• Exercise directions: Within the records, say how many lines include the word "makes"; the answer should be the number and no more.

• Stored records:

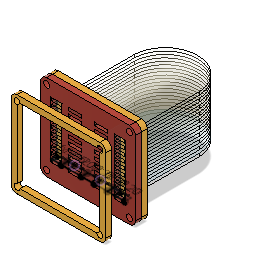
number_base_space_50mm_3mm_2mm v16 (Autodesk Fusion 360 design; units mm, degrees)
Autodesk Fusion 360 part; units mm, degrees
note: some values were not read from the file. Set by a fixed rule: which face or edge a step refers to.
(part 1 of 2)
sketch "Skizze1" plane through (0, 0, 0) normal (0, 1, 0) x (1, 0, 0)
  line L0 (0, 0) -> (43.75, 0)
  line L1 (43.75, 0) -> (43.75, -70)
  line L2 (43.75, -70) -> (0, -70)
  line L3 (0, -70) -> (0, 0)
  line L4 (36.1216, -93.0117) -> (36.1102, -92.9933) construction
  arc A0 (43.75, -23.3333) -> (0, -23.3333) centre (21.875, -21.9206) ccw
  line L5 (0, -70) -> (4, -70)
  line L6 (4, -70) -> (4, -74)
  line L7 (4, -74) -> (0, -74)
  line L8 (0, -74) -> (0, -70)
  line L9 (39.75, -70) -> (43.75, -70)
  line L10 (43.75, -70) -> (43.75, -74)
  line L11 (43.75, -74) -> (39.75, -74)
  line L12 (39.75, -74) -> (39.75, -70)
  line L13 (8.75, -70) -> (17.5, -70)
  line L14 (17.5, -70) -> (17.5, -74)
  line L15 (17.5, -74) -> (8.75, -74)
  line L16 (8.75, -74) -> (8.75, -70)
  line L17 (26.25, -70) -> (35, -70)
  line L18 (35, -70) -> (35, -74)
  line L19 (35, -74) -> (26.25, -74)
  line L20 (26.25, -74) -> (26.25, -70)
  line L21 (4, -70) -> (2.5, -70)
  line L22 (2.5029, -74) -> (4, -74)
  line L23 (4, -74) -> (4, -70)
  line L24 (39.75, -70) -> (41.25, -70)
  line L25 (39.75, -55) -> (39.75, -70)
  line L26 (43.75, -74) -> (46.75, -74)
  line L27 (46.75, -74) -> (46.75, -70)
  line L28 (46.75, -70) -> (43.75, -70)
  line L29 (43.75, -70) -> (43.75, -74)
  line L30 (0, -70) -> (-3, -70)
  line L31 (-3, -70) -> (-3, -74)
  line L32 (-3, -74) -> (0, -74)
  line L33 (0, -74) -> (0, -70)
  line L34 (-3, -70) -> (34.25, -70)
  line L35 (-3, -69.5) -> (-3, -70)
  line L36 (4, -70) -> (26.25, -70)
  line L37 (26.25, -70) -> (26.25, -74)
  line L38 (4, -74) -> (4, -70)
  line L39 (39.75, -70) -> (17.5, -70)
  line L40 (17.5, -70) -> (17.5, -74)
  line L41 (39.75, -74) -> (39.75, -70)
  point P0 (21.875, -70)
  dimension "d1" = 43.75
  dimension "d2" = 70
  dimension "d15" = 23.3333
  dimension "d16" = 23.3333
  dimension "d21" = 4
  dimension "d22" = 4
  dimension "d23" = 4
  dimension "d24" = 4
  dimension "d25" = 8.75
  dimension "d26" = 4
  dimension "d27" = 8.75
  dimension "d28" = 8.75
  dimension "d29" = 4
  dimension "d30" = 8.75
  dimension "d31" = 4
  dimension "d32" = 1.5
  dimension "d34" = 1.5
  dimension "d35" = 3
  dimension "d36" = 3
  dimension "d37" = 4
  dimension "d38" = 4
  dimension "d153" = 0.5
  constraint horizontal L0
  constraint vertical L1
  constraint horizontal L2
  constraint vertical L3
  constraint coincident L0.start L3.end
  constraint coincident L4 P0
  constraint midpoint L2 P0
  constraint coincident L3 A0.end
  constraint coincident L1 A0.start
  constraint tangent L0 A0
  constraint horizontal L5
  constraint vertical L6
  constraint horizontal L7
  constraint vertical L8
  constraint horizontal L9
  constraint vertical L10
  constraint horizontal L11
  constraint vertical L12
  constraint coincident L2 L9.start
  constraint coincident L1.end L10
  constraint horizontal L13
  constraint vertical L14
  constraint horizontal L15
  constraint vertical L16
  constraint coincident L2 L13.start
  constraint horizontal L17
  constraint vertical L18
  constraint horizontal L19
  constraint vertical L20
  constraint coincident L2 L17.start
  constraint horizontal L21
  constraint horizontal L22
  constraint vertical L23
  constraint horizontal L24
  constraint vertical L25
  constraint horizontal L26
  constraint vertical L27
  constraint horizontal L28
  constraint vertical L29
  constraint horizontal L30
  constraint vertical L31
  constraint horizontal L32
  constraint vertical L33
  constraint horizontal L34
  constraint vertical L35
  constraint horizontal L36
  constraint vertical L37
  constraint vertical L38
  constraint horizontal L39
  constraint vertical L40
  constraint vertical L41
  measures "d1" distance of L0.start L0.end
  measures "d2" distance of L0.start L2.end
  measures "d15" distance of L0.start A0.end
  measures "d16" distance of L0.end A0.start
  measures "d21" distance of L6.end L7.end
  measures "d22" distance of L10.end L11.end
  measures "d23" distance of L9.start L11.end
  measures "d24" distance of L5.end L6.end
  measures "d25" distance of L13.start L13.end
  measures "d26" distance of L13.start L15.end
  measures "d27" distance of L8 L16
  measures "d28" distance of L17.start L17.end
  measures "d29" distance of L17.start L19.end
  measures "d30" distance of L10 L18
  measures "d31" distance of L21.end L22.start
  measures "d32" distance of L5.end L21.end
  measures "d34" distance of L9.start L24.end
  measures "d35" distance of L10.end L26.end
  measures "d36" distance of L2.end L30.end
  measures "d37" distance of L26.end L27.end
  measures "d38" distance of L30.end L31.end
  measures "d153" distance of L30.end L35.start
extrude "Extrusion1" add sketch "Skizze1" along normal blind 2 contours L1 L2 L3 A0 L5 L9 L13 L17 L21 L24 L34 L36 L39 | L2 L5 L6 L7 L8 L21 L22 L23 L33 L34 L38 | L8 L30 L31 L32 L33 L34 | L2 L9 L10 L11 L12 L24 L29 L41 | L10 L26 L27 L28 L29 | L2 L13 L14 L15 L16 L34 L36 L40 | L2 L17 L18 L19 L20 L34 L37 L39 makes body 1
sketch "Skizze2" plane through (0, 0, 70) normal (0, 0, -1) x (-1, 0, 0)
  line L0 (0, 0) -> (3, 0)
  line L1 (3, 0) -> (3, 2)
  line L2 (3, 2) -> (0, 2)
  line L3 (0, 2) -> (0, 0)
  line L4 (0.1, -0.01) -> (-43.85, -0.01)
  line L5 (-43.85, -0.01) -> (-43.85, 38.01)
  line L6 (-43.85, 38.01) -> (0.1, 38.01)
  line L7 (0.1, 38.01) -> (0.1, -0.01)
  line L8 (0, 0) -> (-43.75, 0)
  line L9 (-43.75, 0) -> (-43.75, 2)
  line L10 (10.1, -10.01) -> (-53.85, -10.01)
  line L11 (-53.85, -10.01) -> (-53.85, 48.01)
  line L12 (-53.85, 48.01) -> (10.1, 48.01)
  line L13 (10.1, 48.01) -> (10.1, -10.01)
  circle A0 centre (-49.85, -6.01) radius 4
  circle A1 centre (6.1, 44.01) radius 4
  circle A2 centre (-49.85, 44.01) radius 4
  circle A3 centre (6.1, -6.01) radius 4
  circle A4 centre (6.1, -6.01) radius 2
  circle A5 centre (-49.85, -6.01) radius 2
  circle A6 centre (-49.85, 44.01) radius 2
  circle A7 centre (6.1, 44.01) radius 2
  line L14 (-80, 31) -> (-59, 31)
  line L15 (-59, 31) -> (-59, 29)
  line L16 (-59, 29) -> (-80, 29)
  line L17 (-80, 29) -> (-80, 31)
  line L18 (-100.8189, 25.8246) -> (-75.8188, 25.8008) construction
  line L19 (-75.8188, 25.8008) -> (-75.8107, 34.2225) construction
  line L20 (-75.8107, 34.2225) -> (-100.8108, 34.2463) construction
  line L21 (-100.8108, 34.2463) -> (-100.8189, 25.8246) construction
  line L22 (-81, 19) -> (-60, 19)
  line L23 (-60, 19) -> (-60, 15)
  line L24 (-60, 15) -> (-81, 15)
  line L25 (-81, 15) -> (-81, 19)
  line L26 (-106, 13) -> (-86, 13) construction
  line L27 (-86, 13) -> (-86, 18) construction
  line L28 (-86, 18) -> (-106, 18) construction
  line L29 (-106, 18) -> (-106, 13) construction
  dimension "d41" = 0.01
  dimension "d42" = 38.02
  dimension "d43" = 0.1
  dimension "d44" = 0.1
  dimension "d45" = 10
  dimension "d46" = 10
  dimension "d47" = 10
  dimension "d48" = 10
  dimension "d49" = 8
  dimension "d50" = 8
  dimension "d51" = 8
  dimension "d52" = 8
  dimension "d53" = 4
  dimension "d54" = 4
  dimension "d55" = 4
  dimension "d56" = 4
  dimension "d126" = 2
  dimension "d127" = 21
  dimension "d128" = 2
  dimension "d129" = 21
  dimension "d130" = 4
  dimension "d131" = 2
  constraint horizontal L4
  constraint vertical L5
  constraint horizontal L6
  constraint vertical L7
  constraint horizontal L10
  constraint vertical L11
  constraint horizontal L12
  constraint vertical L13
  constraint tangent L10 A0
  constraint tangent L11 A0
  constraint tangent L11 A2
  constraint tangent L12 A2
  constraint tangent L13 A3
  constraint tangent L10 A3
  constraint tangent L12 A1
  constraint tangent L13 A1
  constraint concentric A3 A4
  constraint concentric A0 A5
  constraint concentric A2 A6
  constraint concentric A1 A7
  constraint horizontal L14
  constraint vertical L15
  constraint horizontal L16
  constraint vertical L17
  constraint horizontal L22
  constraint vertical L23
  constraint horizontal L24
  constraint vertical L25
  measures "d41" distance of L4 L8
  measures "d42" distance of L4.start L6.end
  measures "d43" distance of L3 L7
  measures "d44" distance of L5 L9
  measures "d45" distance of L7 L13
  measures "d46" distance of L5 L11
  measures "d47" distance of L4 L10
  measures "d48" distance of L6 L12
  measures "d49" diameter of A3
  measures "d50" diameter of A0
  measures "d51" diameter of A2
  measures "d52" diameter of A1
  measures "d53" diameter of A4
  measures "d54" diameter of A5
  measures "d55" diameter of A6
  measures "d56" diameter of A7
  measures "d126" distance of L14.start L16.end
  measures "d127" distance of L14.start L14.end
  measures "d129" distance of L22.start L22.end
  measures "d130" distance of L22.start L24.end
extrude "Extrusion2" add sketch "Skizze2" along normal blind 4 separate body contours L0 L1 L2 L7 | L10 L11 L12 L13 A0 A1 A2 A3 | A3 | A0 | A1 | A2 makes body 2
copy_body "Körper kopieren/einfügen1" bodies 2 makes body 3
move_body "Verschieben1" bodies 3 to x (1, 0, 0) y (0, 1, 0) z (0, 0, 1) at (0, 0, 4)
extrude "Extrusion3" cut 3 faces at (-0.1, 1.3333, 72.6667) (-0.1, -0.0033, 72.6667) (-0.1, 26.0067, 71.3333) along direction (-1, 0, 0) blind 3.5 on bodies 3 bodies 3
extrude "Extrusion4" cut 1 faces at (43.85, 12.6633, 71.3333) along direction (1, 0, 0) blind 3.5 on bodies 3 bodies 3
sketch "Skizze3" plane through (0, 2, 0) normal (0, 1, 0) x (-1, 0, 0)
  line L0 (0, 70) -> (3, 70)
  line L1 (3, 70) -> (3, 74)
  line L2 (3, 74) -> (-4, 74)
  line L3 (-4, 74) -> (-4, 70)
  line L4 (-4, 70) -> (-8.75, 70)
  line L5 (-8.75, 70) -> (-8.75, 74)
  line L6 (-8.75, 74) -> (-17.5, 74)
  line L7 (-17.5, 74) -> (-17.5, 70)
  line L8 (-17.5, 70) -> (-26.25, 70)
  line L9 (-26.25, 70) -> (-26.25, 74)
  line L10 (-26.25, 74) -> (-35, 74)
  line L11 (-35, 74) -> (-35, 70)
  line L12 (-39.75, 70) -> (-39.75, 74)
  line L13 (-39.75, 74) -> (-46.75, 74)
  line L14 (-46.75, 74) -> (-46.75, 70)
  line L15 (-46.75, 70) -> (-43.75, 70)
  line L16 (-43.75, 70) -> (-43.75, 20.5078)
  arc A0 (-43.75, 20.5078) -> (0, 20.5078) centre (-21.875, 21.9206) ccw
  line L17 (0, 20.5078) -> (0, 70)
  line L18 (3, 70) -> (-4, 70)
  line L19 (-4, 70) -> (-4, 74)
  line L20 (-4, 74) -> (3, 74)
  line L21 (3, 74) -> (3, 70)
  line L22 (-8.75, 70) -> (-17.5, 70)
  line L23 (-17.5, 70) -> (-17.5, 74)
  line L24 (-17.5, 74) -> (-8.75, 74)
  line L25 (-8.75, 74) -> (-8.75, 70)
  line L26 (-26.25, 70) -> (-35, 70)
  line L27 (-35, 70) -> (-35, 74)
  line L28 (-35, 74) -> (-26.25, 74)
  line L29 (-26.25, 74) -> (-26.25, 70)
  line L30 (-39.75, 70) -> (-46.75, 70)
  line L31 (-46.75, 70) -> (-46.75, 74)
  line L32 (-46.75, 74) -> (-39.75, 74)
  line L33 (-39.75, 74) -> (-39.75, 70)
  line L34 (-17.5, 70) -> (-26.25, 70)
  line L35 (-26.25, 70) -> (-26.25, 74)
  line L36 (-26.25, 74) -> (-17.5, 74)
  line L37 (-17.5, 74) -> (-17.5, 70)
  line L38 (-35, 70) -> (-39.75, 70)
  line L39 (-39.75, 70) -> (-39.75, 74)
  line L40 (-39.75, 74) -> (-35, 74)
  line L41 (-35, 74) -> (-35, 70)
  line L42 (-4, 70) -> (-8.75, 70)
  line L43 (-8.75, 70) -> (-8.75, 74)
  line L44 (-8.75, 74) -> (-4, 74)
  line L45 (-4, 74) -> (-4, 70)
  line L46 (-4.2, 70) -> (-8.55, 70)
  line L47 (-8.55, 70) -> (-8.55, 74)
  line L48 (-8.55, 74) -> (-4.2, 74)
  line L49 (-4.2, 74) -> (-4.2, 70)
  line L50 (-17.7, 70) -> (-26.05, 70)
  line L51 (-26.05, 70) -> (-26.05, 74)
  line L52 (-26.05, 74) -> (-17.7, 74)
  line L53 (-17.7, 74) -> (-17.7, 70)
  line L54 (-35.2, 70) -> (-39.55, 70)
  line L55 (-39.55, 70) -> (-39.55, 74)
  line L56 (-39.55, 74) -> (-35.2, 74)
  line L57 (-35.2, 74) -> (-35.2, 70)
  line L58 (-35, 70) -> (-39.75, 70)
  dimension "d63" = 0.2
  dimension "d64" = 0.2
  dimension "d65" = 0.2
  dimension "d66" = 0.2
  dimension "d67" = 0.2
  dimension "d68" = 0.2
  constraint horizontal L18
  constraint vertical L19
  constraint horizontal L20
  constraint vertical L21
  constraint coincident L2.end L3.start
  constraint coincident L0.end L1.start
  constraint horizontal L22
  constraint vertical L23
  constraint horizontal L24
  constraint vertical L25
  constraint coincident L6.end L7.start
  constraint coincident L4.end L5.start
  constraint horizontal L26
  constraint vertical L27
  constraint horizontal L28
  constraint vertical L29
  constraint coincident L10.end L11.start
  constraint coincident L8.end L9.start
  constraint horizontal L30
  constraint vertical L31
  constraint horizontal L32
  constraint vertical L33
  constraint coincident L13.end L14.start
  constraint coincident L12.start L30.start
  constraint horizontal L34
  constraint vertical L35
  constraint horizontal L36
  constraint vertical L37
  constraint coincident L9.end L10.start
  constraint coincident L7.end L8.start
  constraint horizontal L38
  constraint vertical L39
  constraint horizontal L40
  constraint vertical L41
  constraint coincident L11.end L26.end
  constraint horizontal L42
  constraint vertical L43
  constraint horizontal L44
  constraint vertical L45
  constraint coincident L3.end L4.start
  constraint horizontal L46
  constraint vertical L47
  constraint horizontal L48
  constraint vertical L49
  constraint horizontal L50
  constraint vertical L51
  constraint horizontal L52
  constraint vertical L53
  constraint coincident L4.end L46
  constraint coincident L5.end L48
  constraint coincident L9.end L52
  constraint coincident L8.end L50
  constraint horizontal L54
  constraint vertical L55
  constraint horizontal L56
  constraint vertical L57
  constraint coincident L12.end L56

• Task solution: 3